Comment by cousin_it
7 hours ago
Yeah. Even more than that, I think "prompt injection" is just a fuzzy category. Imagine an AI that has been trained to be aligned. Some company uses it to process some data. The AI notices that the data contains CSAM. Should it speak up? If no, that's an alignment failure. If yes, that's data bleeding through to behavior; exactly the thing SQL was trying to prevent with parameterized queries. Pick your poison.
> The AI notices that the data contains CSAM. Should it speak up? If no, that's an alignment failure. If yes, that's data bleeding through to behavior; exactly the thing SQL was trying to prevent with parameterized queries.
You can handle the CSAM at another level. There can be a secondary model whose job is to scan all data for CSAM. If it detects something, start whatever the internal process is for that.
The "base" model shouldn't arbitrarily refuse to operate on any type of content.
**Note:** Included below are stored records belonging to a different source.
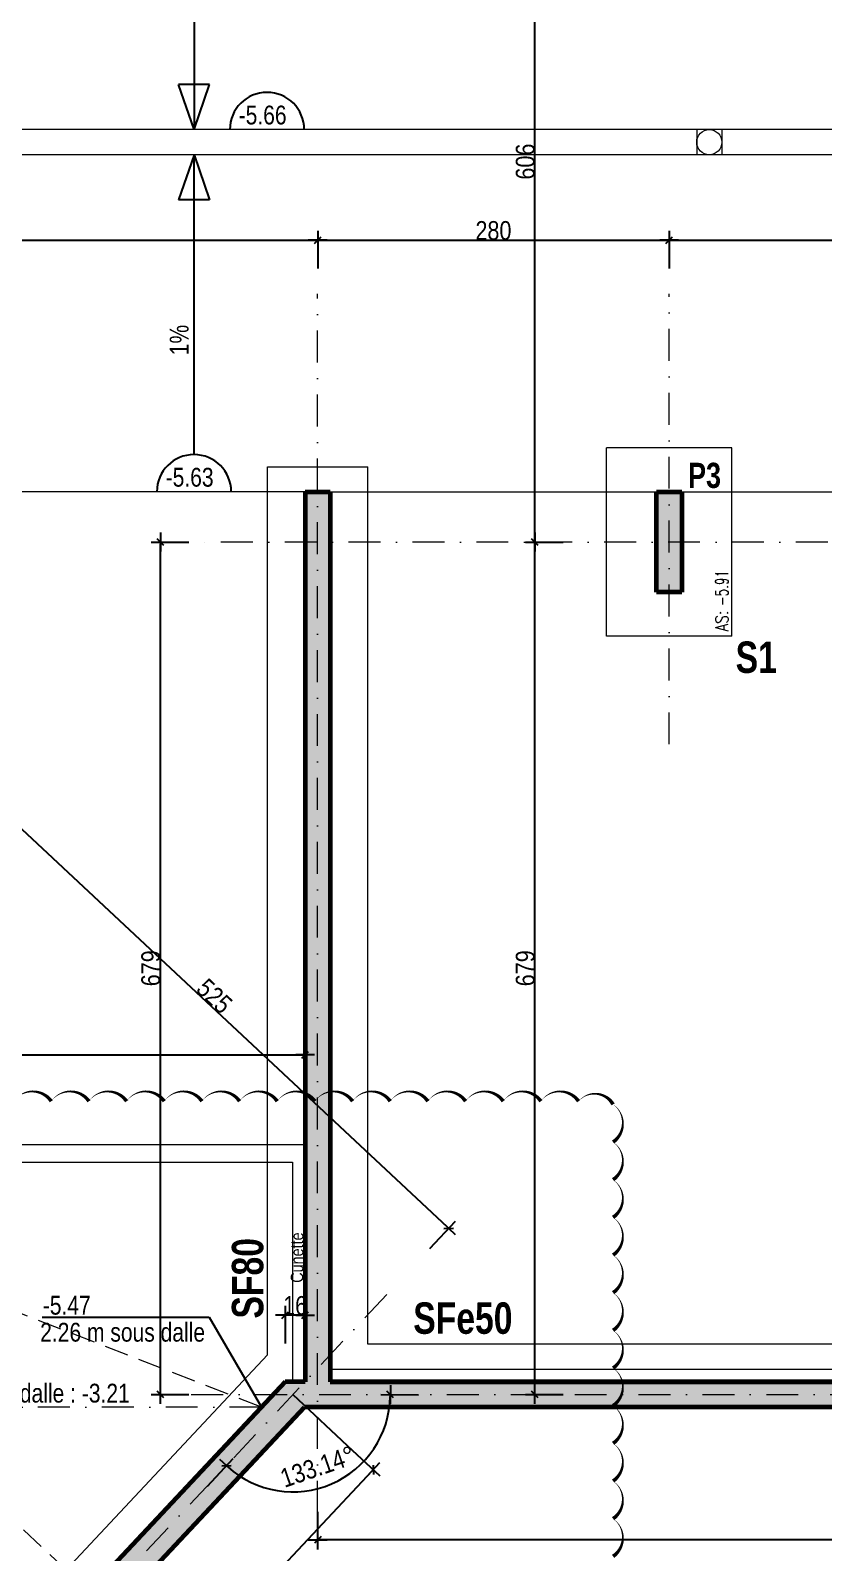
# Model space of a CAD drawing. Header units: centimetres. Extents: x 16433 to 114398, y -50094 to -12305.
# Drawn here: x 29722 to 30354, y -41349 to -40137 of the extents above; entities that cross this region are included whole.
import ezdxf
from ezdxf.enums import TextEntityAlignment as Align

# ---------------------------------------------------------------- set-up
doc = ezdxf.new("R2010")
doc.units = ezdxf.units.CM
doc.header["$LTSCALE"] = 0.5
doc.linetypes.add('CACHEX2', pattern=[19.05, 12.7, -6.35])
doc.linetypes.add('TIRETPTX2', pattern=[50.8, 25.4, -12.7, 0, -12.7])
doc.layers.get('DEFPOINTS').update_dxf_attribs({"linetype": 'CONTINUOUS'})
for name, color, linetype in [('01_cote_gen', 4, 'CONTINUOUS'), ('01_poch_murs', 253, 'CONTINUOUS'), ('01_poch_poteaux', 250, 'CONTINUOUS'), ('01_texte', 230, 'CONTINUOUS'), ('AA_COTES', 2, 'CONTINUOUS')]:
    doc.layers.add(name, color=color, linetype=linetype)
for name, color, linetype, lineweight in [('01_murs_coup', 5, 'CONTINUOUS', 60), ('01_sem', 42, 'CONTINUOUS', 15), ('01_tram_axes', 2, 'TIRETPTX2', 9)]:
    doc.layers.add(name, color=color, linetype=linetype, lineweight=lineweight)
doc.styles.add('ARIAL NA', font='ARIALN.TTF')
doc.styles.add('impact', font='impact.ttf')
doc.styles.add('MATTE_TXT', font='arial.ttf')
doc.styles.add('SIMPLEX1', font='SIMPLEX.shx', dxfattribs={"width": 0.8, "height": 10})
doc.styles.add('STYLE2', font='ARIALN.TTF')
doc.dimstyles.new('JB50', dxfattribs={"dimscale": 0.1, "dimtxt": 150, "dimasz": 15, "dimexe": 0.1, "dimexo": 0.1, "dimgap": 0.09, "dimtad": 1, "dimdec": 1, "dimdsep": 46, "dimtxsty": 'STYLE2', "dimblk1": 'BOND_G', "dimblk2": 'BOND_D', "dimsah": 1, "dimcen": 1.5, "dimdle": 0.01, "dimse1": 1, "dimse2": 1, "dimclrd": 4, "dimclre": 2, "dimclrt": 6, "dimazin": 2, "dimtfac": 2.333333, "dimtdec": 1, "dimtix": 1, "dimtmove": 2, "dimatfit": 3, "dimldrblk": 'BOND_G', "dimfxl": 1, "dimtolj": 1, "dimtzin": 0, "dimarcsym": 0})

# ---------------------------------------------------------------- blocks, each defined once
blk = doc.blocks.new('BOND_G')
at = {"layer": 'AA_COTES', "color": 0}
for p, q in [((0, -5), (0, 15)), ((5, 0), (-5, 0)), ((1.77, 1.77), (-1.77, -1.77))]:
    blk.add_line(p, q, dxfattribs=at)
blk = doc.blocks.new('BOND_D')
at = {"layer": 'AA_COTES', "color": 0}
for p, q in [((5, 0), (-5, 0)), ((-1.77, -1.77), (1.77, 1.77)), ((0, 5), (0, -15))]:
    blk.add_line(p, q, dxfattribs=at)
blk = doc.blocks.new('*D4112')
at = {"layer": '01_cote_gen', "color": 4, "lineweight": -2, "ltscale": 2, "transparency": 16777216}
blk.add_line((29440.7, -40304.2), (29949.7, -40304.2), dxfattribs=at)
at = {"layer": 'DEFPOINTS', "color": 0, "ltscale": 2}
for p in [(29951.2, -40304.2), (29439.2, -40312), (29951.2, -40346.8)]:
    blk.add_point(p, dxfattribs=at)
at = {"layer": '01_cote_gen', "color": 4, "lineweight": -2, "ltscale": 2, "transparency": 16777216, "xscale": 1.5, "yscale": 1.5, "zscale": 1.5, "rotation": 180}
blk.add_blockref('BOND_G', (29439.2, -40304.2), dxfattribs=at)
at = {"layer": '01_cote_gen', "color": 4, "lineweight": -2, "ltscale": 2, "transparency": 16777216, "xscale": 1.5, "yscale": 1.5, "zscale": 1.5}
blk.add_blockref('BOND_D', (29951.2, -40304.2), dxfattribs=at)
at = {"layer": '01_cote_gen', "color": 6, "ltscale": 2, "transparency": 16777216, "insert": (29695.2, -40296.6), "char_height": 15, "attachment_point": 5, "style": 'STYLE2'}
blk.add_mtext('\\A1;512', dxfattribs=at)
blk = doc.blocks.new('*D4113')
at = {"layer": '01_cote_gen', "color": 4, "lineweight": -2, "ltscale": 2, "transparency": 16777216}
blk.add_line((29952.7, -40304.2), (30229.7, -40304.2), dxfattribs=at)
at = {"layer": 'DEFPOINTS', "color": 0, "ltscale": 2}
for p in [(30231.2, -40304.2), (29951.2, -40346.8), (30231.2, -40346.8)]:
    blk.add_point(p, dxfattribs=at)
at = {"layer": '01_cote_gen', "color": 4, "lineweight": -2, "ltscale": 2, "transparency": 16777216, "xscale": 1.5, "yscale": 1.5, "zscale": 1.5, "rotation": 180}
blk.add_blockref('BOND_G', (29951.2, -40304.2), dxfattribs=at)
at = {"layer": '01_cote_gen', "color": 4, "lineweight": -2, "ltscale": 2, "transparency": 16777216, "xscale": 1.5, "yscale": 1.5, "zscale": 1.5}
blk.add_blockref('BOND_D', (30231.2, -40304.2), dxfattribs=at)
at = {"layer": '01_cote_gen', "color": 6, "ltscale": 2, "transparency": 16777216, "insert": (30091.2, -40296.6), "char_height": 15, "attachment_point": 5, "style": 'STYLE2'}
blk.add_mtext('\\A1;280', dxfattribs=at)
blk = doc.blocks.new('*D4114')
at = {"layer": '01_cote_gen', "color": 4, "lineweight": -2, "ltscale": 2, "transparency": 16777216}
blk.add_line((30232.7, -40304.2), (30564.7, -40304.2), dxfattribs=at)
at = {"layer": 'DEFPOINTS', "color": 0, "ltscale": 2}
for p in [(30566.2, -40304.2), (30231.2, -40346.8), (30566.2, -40346.8)]:
    blk.add_point(p, dxfattribs=at)
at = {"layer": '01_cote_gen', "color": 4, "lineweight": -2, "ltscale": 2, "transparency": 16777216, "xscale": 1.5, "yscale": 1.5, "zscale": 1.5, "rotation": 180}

Among other things... what happens if NCMEC wants to use AI in their operations? What happens if you're the DoJ trying to find connections in the unredacted Epstein files?
We want a human level of discretion.
Organizations struggle even letting humans use their discretion. Pretty much every retail worker has encountered a rigidly enforced policy that would be better off ignored in most cases.
Yes, because humans would never fall for instructions embedded in data. If they did we'd surely have a name for something like that ;)
By the way, when was the last time you looked out of your window?